▸ **YOUR TASK**: Among the records that follow, find the line with "- Reboot the" and the line with "- SG92r wiring: Red". Set down those lines and all lines between them exactly, without adding anything.

▸ **DATA SECTION**:
++++++

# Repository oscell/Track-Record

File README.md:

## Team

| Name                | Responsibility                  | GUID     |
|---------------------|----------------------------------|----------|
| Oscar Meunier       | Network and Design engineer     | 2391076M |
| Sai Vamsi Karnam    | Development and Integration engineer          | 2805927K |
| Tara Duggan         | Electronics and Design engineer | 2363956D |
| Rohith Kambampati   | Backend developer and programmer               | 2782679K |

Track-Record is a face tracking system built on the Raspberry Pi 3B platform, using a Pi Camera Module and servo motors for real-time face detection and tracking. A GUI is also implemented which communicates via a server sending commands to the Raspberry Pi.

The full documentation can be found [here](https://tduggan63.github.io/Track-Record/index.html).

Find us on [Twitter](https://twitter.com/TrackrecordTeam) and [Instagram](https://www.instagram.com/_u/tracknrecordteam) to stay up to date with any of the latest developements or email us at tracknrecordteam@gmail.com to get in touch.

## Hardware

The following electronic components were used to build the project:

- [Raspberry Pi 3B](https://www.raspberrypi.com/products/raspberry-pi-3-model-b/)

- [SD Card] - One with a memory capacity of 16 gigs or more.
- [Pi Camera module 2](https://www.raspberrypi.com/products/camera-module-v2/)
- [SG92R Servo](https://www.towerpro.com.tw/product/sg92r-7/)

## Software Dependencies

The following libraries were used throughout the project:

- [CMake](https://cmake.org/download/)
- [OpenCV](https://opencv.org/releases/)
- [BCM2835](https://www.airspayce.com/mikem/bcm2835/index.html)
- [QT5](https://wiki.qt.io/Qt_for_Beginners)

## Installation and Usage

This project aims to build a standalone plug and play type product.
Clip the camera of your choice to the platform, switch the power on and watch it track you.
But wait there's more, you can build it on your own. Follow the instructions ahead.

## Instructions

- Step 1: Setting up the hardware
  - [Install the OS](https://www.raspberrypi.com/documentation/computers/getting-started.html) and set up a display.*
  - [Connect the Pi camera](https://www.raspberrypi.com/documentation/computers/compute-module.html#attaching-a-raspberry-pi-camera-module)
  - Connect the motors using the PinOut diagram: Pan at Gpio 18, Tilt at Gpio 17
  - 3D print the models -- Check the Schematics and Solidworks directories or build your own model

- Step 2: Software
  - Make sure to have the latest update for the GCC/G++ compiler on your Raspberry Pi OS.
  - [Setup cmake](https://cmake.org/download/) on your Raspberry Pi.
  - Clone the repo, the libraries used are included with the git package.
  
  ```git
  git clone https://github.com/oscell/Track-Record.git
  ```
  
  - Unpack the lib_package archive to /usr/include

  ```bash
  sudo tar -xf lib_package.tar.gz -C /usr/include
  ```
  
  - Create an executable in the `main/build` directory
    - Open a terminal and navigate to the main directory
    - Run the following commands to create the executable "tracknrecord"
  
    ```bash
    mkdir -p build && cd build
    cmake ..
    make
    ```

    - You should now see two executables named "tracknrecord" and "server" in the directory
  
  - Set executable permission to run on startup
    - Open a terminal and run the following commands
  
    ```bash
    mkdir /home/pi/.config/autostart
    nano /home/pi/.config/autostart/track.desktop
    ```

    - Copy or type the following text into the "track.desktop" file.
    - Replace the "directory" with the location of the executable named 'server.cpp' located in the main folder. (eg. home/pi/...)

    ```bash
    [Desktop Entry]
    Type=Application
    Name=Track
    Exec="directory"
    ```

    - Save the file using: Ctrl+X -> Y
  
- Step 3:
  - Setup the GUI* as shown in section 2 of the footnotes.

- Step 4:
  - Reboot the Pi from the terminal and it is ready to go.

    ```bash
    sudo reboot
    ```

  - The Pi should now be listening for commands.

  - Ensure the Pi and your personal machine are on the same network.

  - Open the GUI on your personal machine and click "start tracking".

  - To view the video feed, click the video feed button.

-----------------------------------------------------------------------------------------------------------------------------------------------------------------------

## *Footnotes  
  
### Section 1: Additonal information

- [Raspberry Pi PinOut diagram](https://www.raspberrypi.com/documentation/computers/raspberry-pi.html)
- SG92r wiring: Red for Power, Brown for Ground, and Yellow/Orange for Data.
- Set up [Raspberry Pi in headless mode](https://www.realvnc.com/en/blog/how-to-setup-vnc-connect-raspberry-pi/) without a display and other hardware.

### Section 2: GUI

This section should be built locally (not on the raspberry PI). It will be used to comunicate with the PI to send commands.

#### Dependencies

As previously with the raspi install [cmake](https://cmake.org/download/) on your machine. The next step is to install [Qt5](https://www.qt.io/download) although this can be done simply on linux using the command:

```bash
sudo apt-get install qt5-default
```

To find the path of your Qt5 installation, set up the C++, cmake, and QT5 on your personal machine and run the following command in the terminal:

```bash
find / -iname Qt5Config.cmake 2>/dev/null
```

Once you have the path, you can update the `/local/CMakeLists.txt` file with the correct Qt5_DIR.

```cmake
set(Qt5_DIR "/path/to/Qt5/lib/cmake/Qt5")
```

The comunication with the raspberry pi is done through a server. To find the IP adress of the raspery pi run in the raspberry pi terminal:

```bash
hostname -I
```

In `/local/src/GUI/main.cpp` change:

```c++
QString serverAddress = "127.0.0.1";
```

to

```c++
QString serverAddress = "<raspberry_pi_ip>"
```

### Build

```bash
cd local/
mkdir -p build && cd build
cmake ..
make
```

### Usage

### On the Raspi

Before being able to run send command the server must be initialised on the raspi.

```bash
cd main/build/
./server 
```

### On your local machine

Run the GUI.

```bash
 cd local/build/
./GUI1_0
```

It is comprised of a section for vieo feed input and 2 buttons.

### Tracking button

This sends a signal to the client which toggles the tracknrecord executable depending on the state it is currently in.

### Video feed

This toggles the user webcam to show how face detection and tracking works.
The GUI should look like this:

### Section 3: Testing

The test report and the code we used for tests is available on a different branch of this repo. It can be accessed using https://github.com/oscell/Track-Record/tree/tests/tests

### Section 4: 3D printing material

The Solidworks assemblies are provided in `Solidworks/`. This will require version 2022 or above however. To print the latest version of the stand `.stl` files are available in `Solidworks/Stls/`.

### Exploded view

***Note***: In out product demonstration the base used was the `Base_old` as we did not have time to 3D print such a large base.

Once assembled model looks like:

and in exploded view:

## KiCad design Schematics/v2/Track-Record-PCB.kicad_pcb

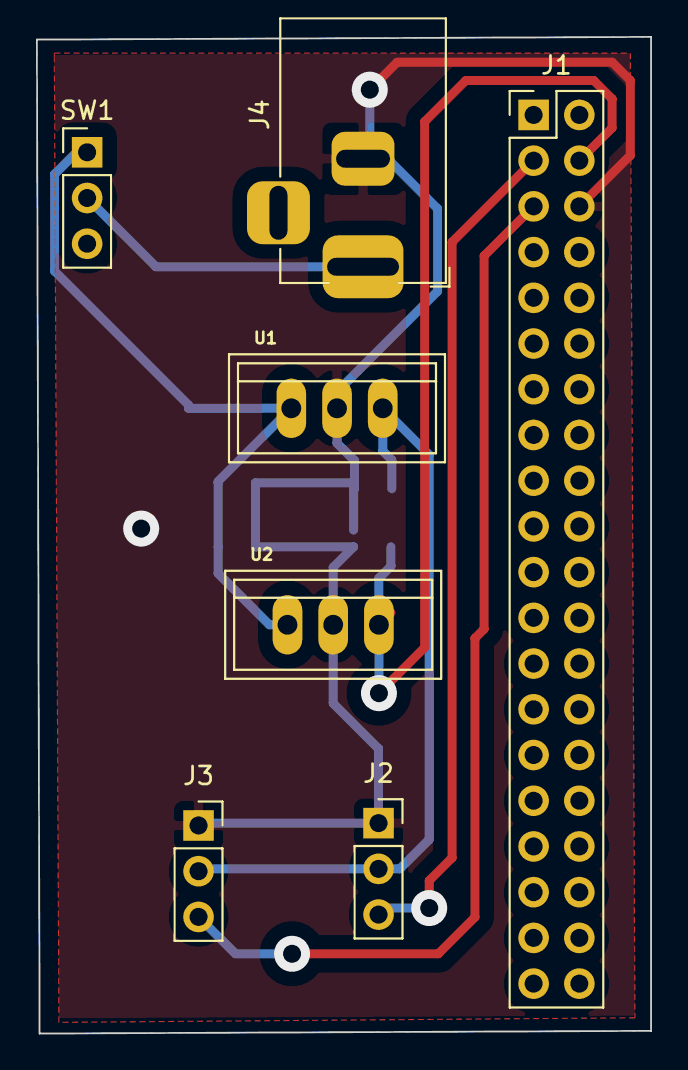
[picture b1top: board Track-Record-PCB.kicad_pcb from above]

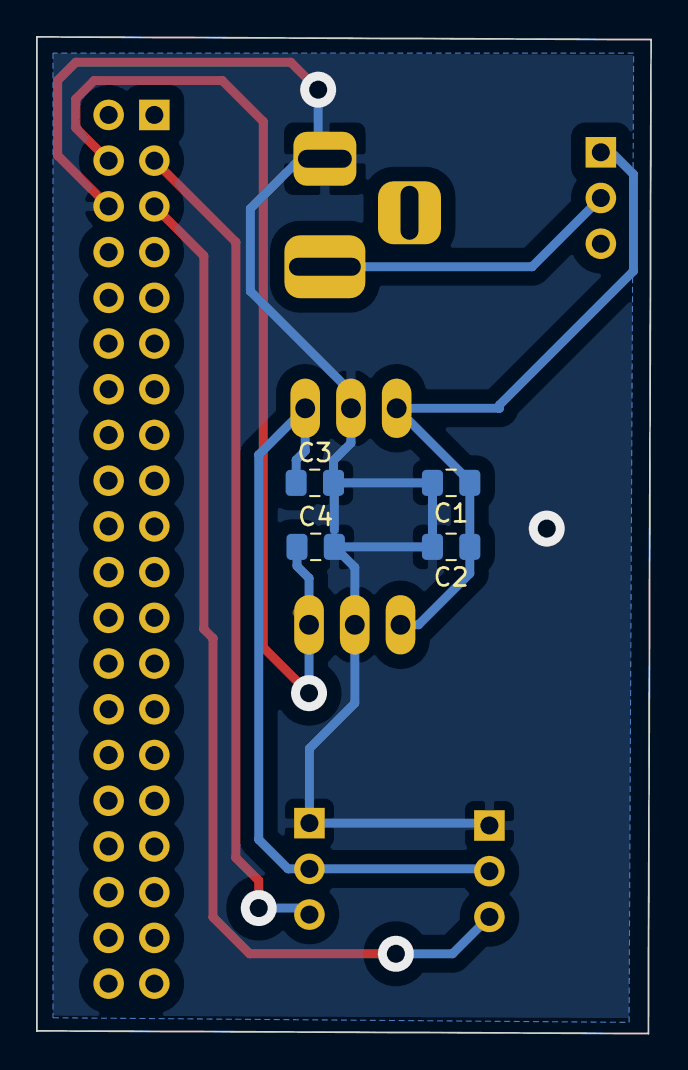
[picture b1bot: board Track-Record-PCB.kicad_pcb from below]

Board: 2 copper layers, 34.1 x 55.4 mm, 11 parts (4 on the bottom side), 7 nets.

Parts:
C1, C2: 0.33u; C_0805_2012Metric_Pad1.18x1.45mm_HandSolder
C3, C4: 0.1u; C_0805_2012Metric_Pad1.18x1.45mm_HandSolder
J1: RPI3_Connector; PinSocket_2x20_P2.54mm_Vertical
J2: Motor_1; PinSocket_1x03_P2.54mm_Vertical
J3: Motor_2; PinSocket_1x03_P2.54mm_Vertical
J4: 12V_connector; BarrelJack_Horizontal
SW1: Power Switch; PinHeader_1x03_P2.54mm_Vertical
U1, U2: L7805; TO-220-STANDING

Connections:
+5V: C3.1, J2.2, J3.2, U1.3
+5VD: C4.1, J1.4, U2.3
+12V: J4.1, SW1.2
+12VA: C1.1, C2.1, SW1.1, U1.1, U2.1
/Signal_1: J1.3, J2.3
/Signal_2: J1.5, J3.3
GND: C1.2, C2.2, C3.2, C4.2, J1.6, J2.1, J3.1, J4.2, U1.2, U2.2

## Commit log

2023-02-22 add drone test
2023-02-22 GPIO pinout reference
2023-03-01 Added Solidworks directory
2023-03-07 Added logo and improved read.md
2023-03-08 Face detection
2023-03-08 Helpful resources
2023-03-15 add power board schematics
2023-03-15 add schematics and PCB files
2023-03-16 Added source face detection using haar alt
2023-03-16 Added CMakeLists.txt
2023-03-16 Rename src to demo
2023-03-16 Added move.cpp
2023-03-16 Rename demo to demo.cpp
2023-03-20 Added basic GUI
2023-03-21 V3 Stls
2023-03-22 added server
2023-03-25 Add files via upload
    PCB files for UofG manufacture
2023-04-02 resvised solidworks designs
2023-04-03 added gui and server
2023-04-03 added paths
2023-04-06 fully working server
2023-04-07 Added Working GUI
2023-04-07 added GUI
2023-04-08 Create test
2023-04-08 Final code version 1
2023-04-08 Rename source to source.cpp
2023-04-09 Added old base
2023-04-11 Updated the code for pan motions
2023-04-11 updated with cmake file
2023-04-11 new source for pan motion
2023-04-11 fixed client
2023-04-11 configure Doxygen
2023-04-11 Delete .vscode directory
    Removing unnecessary directories
2023-04-11 Delete face detection directory
    Removing unnecessary directories
2023-04-11 Delete motor moving directory
    Removing redundant directories
2023-04-11 Delete source directory
    Removing redundant directories
2023-04-11 Delete source_v1 directory
    Removing redundant directories
2023-04-11 Delete source_v1_pan directory
    Removing redundant directories
2023-04-11 created motor class, header file, and added doxygen comment
2023-04-11 Create source.cpp
    Revised working code -- Functional
2023-04-11 adding doxygen output
2023-04-11 Added source.cpp
    Revised working code -- Functional
2023-04-11 updated doxygen configuration with added paths
2023-04-11 added description
2023-04-11 Software dependencies -- Stable
    Archive contains stable versions of OpenCV and BCM2835 libraries for C/C++
2023-04-11 Update README.md
    Added library usage details
2023-04-11 Added more Doxygen comments
2023-04-11 Renamed without space and created header file
2023-04-11 more Doxygen changes
2023-04-12 Refactored the code with classes
2023-04-12 Created CMakeLists.txt
2023-04-12 Added GUI and client/server
2023-04-12 Added styles to GUI
2023-04-13 Polishing up GUI
2023-04-13 polishing GUI
2023-04-13 old STL
2023-04-13 filenames
2023-04-13 Add Doxygen config file
2023-04-13 Add HTML and LaTeX documentation
2023-04-13 added Doxygen comments to code
2023-04-13 Updated Documentation
2023-04-13 added private to documentation
2023-04-13 Added main page
2023-04-13 test for github pages
2023-04-13 added documentation link to README
2023-04-13 Delete doxygen-doc directory
    moved to docs folder
2023-04-13 changed documentation output directory
2023-04-13 Fixed code formatting
2023-04-14 fixed CMakeList.txt
2023-04-14 Sorting GUI branch for version control
2023-04-14 Editing GUI read.md
2023-04-14 Finished GUI branch
2023-04-14 Finishing GUI read.md
2023-04-14 added better picture
2023-04-14 Removed old version
2023-04-14 added .gitignore
2023-04-14 ignoring build folders
2023-04-15 changes server adress
2023-04-15 added updated stls
2023-04-16 added tests directory and files
2023-04-16 updated cmake for tests
2023-04-16 updated tests
2023-04-17 Adding team roles
2023-04-17 Improved GUI variable names
2023-04-17 added a 3D printing material section
2023-04-17 updated docs
2023-04-17 Updated Readme.md with my guid
2023-04-17 Created a test cases file
2023-04-17 Created CMakeLists.txt for test code
2023-04-17 Created the test code move.cpp for testing
2023-04-17 changed wiki
2023-04-17 Add additional comments
2023-04-17 Updated readme with testing related details
2023-04-17 Updated readme with the testing details
2023-04-17 Updated readme with testing details

++++++

▸ **SOLUTION**:
  - Reboot the Pi from the terminal and it is ready to go.

    ```bash
    sudo reboot
    ```

  - The Pi should now be listening for commands.

  - Ensure the Pi and your personal machine are on the same network.

  - Open the GUI on your personal machine and click "start tracking".

  - To view the video feed, click the video feed button.

-----------------------------------------------------------------------------------------------------------------------------------------------------------------------

## *Footnotes  
  
### Section 1: Additonal information

- [Raspberry Pi PinOut diagram](https://www.raspberrypi.com/documentation/computers/raspberry-pi.html)
- SG92r wiring: Red for Power, Brown for Ground, and Yellow/Orange for Data.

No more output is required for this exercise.